一般人の感染が始まると、全身の皮膚に血管が浮き出て……という部分は原作と同じだったんですが、モノクロの原作ではあまり描かれなかったZQNの血の色について興味深い点がありました。

最初は緑色だった血が、すぐさま赤に変わる」んです。

映画版では人間がZQNに変わるまでの一部始終を丁寧に撮っているんですけど、感染が終わった直後に顔などからしたたる血が、おそらく空気に触れた瞬間に緑から赤に変わっているんです。

 

元ネタは忘れましたが「本来は緑(青?)の血が流れているにもかかわらず、とことん人間に擬態するために流血の際は赤に変わる」という、地球外生命体の血液にまつわるエピソードがありました。
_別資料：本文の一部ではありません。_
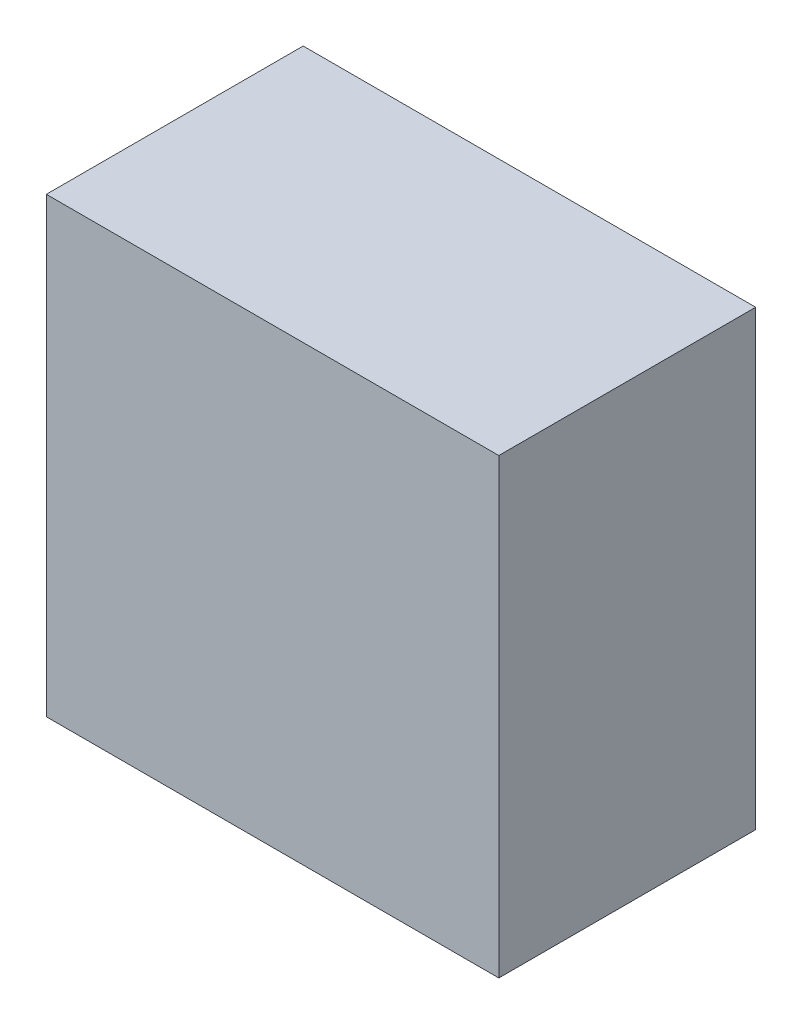
ISO-10303-21;
HEADER;
FILE_DESCRIPTION(('STEP AP214'),'2;1');
FILE_NAME('part.step','',(''),(''),'','','');
FILE_SCHEMA(('AUTOMOTIVE_DESIGN { 1 0 10303 214 1 1 1 1 }'));
ENDSEC;
DATA;
#1=APPLICATION_CONTEXT('core data for automotive mechanical design processes');
#2=APPLICATION_PROTOCOL_DEFINITION('international standard','automotive_design',2000,#1);
#3=PRODUCT_CONTEXT('',#1,'mechanical');
#4=PRODUCT('Part','Part','',(#3));
#5=PRODUCT_RELATED_PRODUCT_CATEGORY('part','',(#4));
#6=PRODUCT_DEFINITION_FORMATION('','',#4);
#7=PRODUCT_DEFINITION_CONTEXT('part definition',#1,'design');
#8=PRODUCT_DEFINITION('design','',#6,#7);
#9=PRODUCT_DEFINITION_SHAPE('','',#8);
#10=(LENGTH_UNIT() NAMED_UNIT(*) SI_UNIT(.MILLI.,.METRE.));
#11=(NAMED_UNIT(*) PLANE_ANGLE_UNIT() SI_UNIT($,.RADIAN.));
#12=(NAMED_UNIT(*) SI_UNIT($,.STERADIAN.) SOLID_ANGLE_UNIT());
#13=UNCERTAINTY_MEASURE_WITH_UNIT(LENGTH_MEASURE(1.E-05),#10,'distance_accuracy_value','');
#14=(GEOMETRIC_REPRESENTATION_CONTEXT(3) GLOBAL_UNCERTAINTY_ASSIGNED_CONTEXT((#13)) GLOBAL_UNIT_ASSIGNED_CONTEXT((#10,
#11,#12)) REPRESENTATION_CONTEXT('',''));
#15=CARTESIAN_POINT('',(0.,0.,0.));
#16=DIRECTION('',(0.,0.,1.));
#17=DIRECTION('',(1.,0.,0.));
#18=AXIS2_PLACEMENT_3D('',#15,#16,#17);
#19=CARTESIAN_POINT('',(-3.12699908,3.12699908,3.55000052));
#20=DIRECTION('',(0.,0.,1.));
#21=DIRECTION('',(1.,0.,0.));
#22=AXIS2_PLACEMENT_3D('',#19,#20,#21);
#23=PLANE('',#22);
#24=DIRECTION('',(0.,1.,0.));
#25=VECTOR('',#24,1.);
#26=CARTESIAN_POINT('',(3.12699908,3.12699908,3.55000052));
#27=LINE('',#26,#25);
#28=CARTESIAN_POINT('',(3.12699908,3.12699908,3.55000052));
#29=VERTEX_POINT('',#28);
#30=CARTESIAN_POINT('',(3.12699908,-3.12699908,3.55000052));
#31=VERTEX_POINT('',#30);
#32=EDGE_CURVE('E53',#29,#31,#27,.F.);
#33=ORIENTED_EDGE('',*,*,#32,.F.);
#34=DIRECTION('',(1.,0.,0.));
#35=VECTOR('',#34,1.);
#36=CARTESIAN_POINT('',(-3.12699908,3.12699908,3.55000052));
#37=LINE('',#36,#35);
#38=CARTESIAN_POINT('',(-3.12699908,3.12699908,3.55000052));
#39=VERTEX_POINT('',#38);
#40=EDGE_CURVE('E68',#39,#29,#37,.T.);
#41=ORIENTED_EDGE('',*,*,#40,.F.);
#42=DIRECTION('',(0.,1.,0.));
#43=VECTOR('',#42,1.);
#44=CARTESIAN_POINT('',(-3.12699908,-3.12699908,3.55000052));
#45=LINE('',#44,#43);
#46=CARTESIAN_POINT('',(-3.12699908,-3.12699908,3.55000052));
#47=VERTEX_POINT('',#46);
#48=EDGE_CURVE('E20',#47,#39,#45,.T.);
#49=ORIENTED_EDGE('',*,*,#48,.F.);
#50=DIRECTION('',(1.,0.,0.));
#51=VECTOR('',#50,1.);
#52=CARTESIAN_POINT('',(3.12699908,-3.12699908,3.55000052));
#53=LINE('',#52,#51);
#54=EDGE_CURVE('E58',#31,#47,#53,.F.);
#55=ORIENTED_EDGE('',*,*,#54,.F.);
#56=EDGE_LOOP('',(#33,#41,#49,#55));
#57=FACE_BOUND('',#56,.T.);
#58=ADVANCED_FACE('F17',(#57),#23,.T.);
#59=CARTESIAN_POINT('',(-3.12699908,-3.12699908,0.));
#60=DIRECTION('',(-1.,0.,0.));
#61=DIRECTION('',(0.,0.,1.));
#62=AXIS2_PLACEMENT_3D('',#59,#60,#61);
#63=PLANE('',#62);
#64=DIRECTION('',(0.,0.,1.));
#65=VECTOR('',#64,1.);
#66=CARTESIAN_POINT('',(-3.12699908,3.12699908,0.));
#67=LINE('',#66,#65);
#68=CARTESIAN_POINT('',(-3.12699908,3.12699908,0.));
#69=VERTEX_POINT('',#68);
#70=EDGE_CURVE('E79',#69,#39,#67,.T.);
#71=ORIENTED_EDGE('',*,*,#70,.F.);
#72=DIRECTION('',(0.,1.,0.));
#73=VECTOR('',#72,1.);
#74=CARTESIAN_POINT('',(-3.12699908,3.12699908,0.));
#75=LINE('',#74,#73);
#76=CARTESIAN_POINT('',(-3.12699908,-3.12699908,0.));
#77=VERTEX_POINT('',#76);
#78=EDGE_CURVE('E74',#69,#77,#75,.F.);
#79=ORIENTED_EDGE('',*,*,#78,.T.);
#80=DIRECTION('',(0.,0.,-1.));
#81=VECTOR('',#80,1.);
#82=CARTESIAN_POINT('',(-3.12699908,-3.12699908,0.));
#83=LINE('',#82,#81);
#84=EDGE_CURVE('E63',#47,#77,#83,.T.);
#85=ORIENTED_EDGE('',*,*,#84,.F.);
#86=ORIENTED_EDGE('',*,*,#48,.T.);
#87=EDGE_LOOP('',(#71,#79,#85,#86));
#88=FACE_BOUND('',#87,.T.);
#89=ADVANCED_FACE('F73',(#88),#63,.T.);
#90=CARTESIAN_POINT('',(3.12699908,-3.12699908,0.));
#91=DIRECTION('',(0.,-1.,0.));
#92=DIRECTION('',(0.,0.,-1.));
#93=AXIS2_PLACEMENT_3D('',#90,#91,#92);
#94=PLANE('',#93);
#95=ORIENTED_EDGE('',*,*,#84,.T.);
#96=DIRECTION('',(1.,0.,0.));
#97=VECTOR('',#96,1.);
#98=CARTESIAN_POINT('',(-3.12699908,-3.12699908,0.));
#99=LINE('',#98,#97);
#100=CARTESIAN_POINT('',(3.12699908,-3.12699908,0.));
#101=VERTEX_POINT('',#100);
#102=EDGE_CURVE('E84',#77,#101,#99,.T.);
#103=ORIENTED_EDGE('',*,*,#102,.T.);
#104=DIRECTION('',(0.,0.,-1.));
#105=VECTOR('',#104,1.);
#106=CARTESIAN_POINT('',(3.12699908,-3.12699908,0.));
#107=LINE('',#106,#105);
#108=EDGE_CURVE('E65',#31,#101,#107,.T.);
#109=ORIENTED_EDGE('',*,*,#108,.F.);
#110=ORIENTED_EDGE('',*,*,#54,.T.);
#111=EDGE_LOOP('',(#95,#103,#109,#110));
#112=FACE_BOUND('',#111,.T.);
#113=ADVANCED_FACE('F60',(#112),#94,.T.);
#114=CARTESIAN_POINT('',(3.12699908,3.12699908,0.));
#115=DIRECTION('',(1.,0.,0.));
#116=DIRECTION('',(0.,0.,-1.));
#117=AXIS2_PLACEMENT_3D('',#114,#115,#116);
#118=PLANE('',#117);
#119=ORIENTED_EDGE('',*,*,#108,.T.);
#120=DIRECTION('',(0.,1.,0.));
#121=VECTOR('',#120,1.);
#122=CARTESIAN_POINT('',(3.12699908,3.12699908,0.));
#123=LINE('',#122,#121);
#124=CARTESIAN_POINT('',(3.12699908,3.12699908,0.));
#125=VERTEX_POINT('',#124);
#126=EDGE_CURVE('E26',#101,#125,#123,.T.);
#127=ORIENTED_EDGE('',*,*,#126,.T.);
#128=DIRECTION('',(0.,0.,1.));
#129=VECTOR('',#128,1.);
#130=CARTESIAN_POINT('',(3.12699908,3.12699908,0.));
#131=LINE('',#130,#129);
#132=EDGE_CURVE('E34',#29,#125,#131,.F.);
#133=ORIENTED_EDGE('',*,*,#132,.F.);
#134=ORIENTED_EDGE('',*,*,#32,.T.);
#135=EDGE_LOOP('',(#119,#127,#133,#134));
#136=FACE_BOUND('',#135,.T.);
#137=ADVANCED_FACE('F88',(#136),#118,.T.);
#138=CARTESIAN_POINT('',(-3.12699908,3.12699908,0.));
#139=DIRECTION('',(0.,1.,0.));
#140=DIRECTION('',(0.,0.,1.));
#141=AXIS2_PLACEMENT_3D('',#138,#139,#140);
#142=PLANE('',#141);
#143=ORIENTED_EDGE('',*,*,#132,.T.);
#144=DIRECTION('',(1.,0.,0.));
#145=VECTOR('',#144,1.);
#146=CARTESIAN_POINT('',(-3.12699908,3.12699908,0.));
#147=LINE('',#146,#145);
#148=EDGE_CURVE('E11',#125,#69,#147,.F.);
#149=ORIENTED_EDGE('',*,*,#148,.T.);
#150=ORIENTED_EDGE('',*,*,#70,.T.);
#151=ORIENTED_EDGE('',*,*,#40,.T.);
#152=EDGE_LOOP('',(#143,#149,#150,#151));
#153=FACE_BOUND('',#152,.T.);
#154=ADVANCED_FACE('F91',(#153),#142,.T.);
#155=CARTESIAN_POINT('',(-3.12699908,3.12699908,0.));
#156=DIRECTION('',(0.,0.,1.));
#157=DIRECTION('',(1.,0.,0.));
#158=AXIS2_PLACEMENT_3D('',#155,#156,#157);
#159=PLANE('',#158);
#160=ORIENTED_EDGE('',*,*,#126,.F.);
#161=ORIENTED_EDGE('',*,*,#102,.F.);
#162=ORIENTED_EDGE('',*,*,#78,.F.);
#163=ORIENTED_EDGE('',*,*,#148,.F.);
#164=EDGE_LOOP('',(#160,#161,#162,#163));
#165=FACE_BOUND('',#164,.T.);
#166=ADVANCED_FACE('F90',(#165),#159,.F.);
#167=CLOSED_SHELL('',(#58,#89,#113,#137,#154,#166));
#168=MANIFOLD_SOLID_BREP('B1',#167);
#169=ADVANCED_BREP_SHAPE_REPRESENTATION('',(#18,#168),#14);
#170=SHAPE_DEFINITION_REPRESENTATION(#9,#169);
ENDSEC;
END-ISO-10303-21;

和製バイオハザードみたいな映画版の中で、アイアムアヒーロー後半のテーマである『地球外からの干渉』について突っついているような描写でした。

 

●カズレーザーが黒い

お笑いコンビ・メイプル超合金のあの赤い人です。

学生時代に服装が目立ち過ぎて周りから待ち合わせ場所にされてしまったというカズレーザーさんですが、この映画版ではさりげなく赤ではなく黒い服を着ています。

街の大通りで感染しZQNになってしまうのですが、普段のカズレーザーさん本人にどこか漂っている狂気がこれまた良い味を出していました。

 

●まさかのサンゴ救済ルート

映画版ではもちろん伊浦も出てくるのですが、原作とは違って立ち回りが大幅に変更されています。

性の乱れが蔓延していた御殿場アウトレットでしたが、R-15の制約下では「セックス」という単語を一度出すだけで限界のようでした。

そんな伊浦ですが、サンゴよりも早い段階で脱落します。

食料庫突入の流れが原作と変わってしまっているせいもありますが、サンゴ=実は半感染寸前まで行ってた説を立てていた自分としてはしっくり来るストーリーになっていました。

結局サンゴは銃を使いこなす英雄にヘコヘコする下っ端キャラと化していたのですが、非リア充×長髪のサンゴが半感染フラグビンビンの英雄に媚びへつらう構図として見るとまた面白いものがありました。

サンゴはわけあって英雄にとどめを刺されるのですが、映画館を出た後は「あれも“共食い”の一環だったのかな」と妄想しています。

 

 

やっぱりアイアムアヒーローは漫画のほうが超絶面白いなと再確認できる反面、意外と漫画とリンクさせているようで意味深な場面もある(ない?)ので、まだ観ていないファンも一応チェックしてみてはいかがかと。

ただし、映像がやたらグロいのとグロい音がやたら大きいのでそのへん注意です。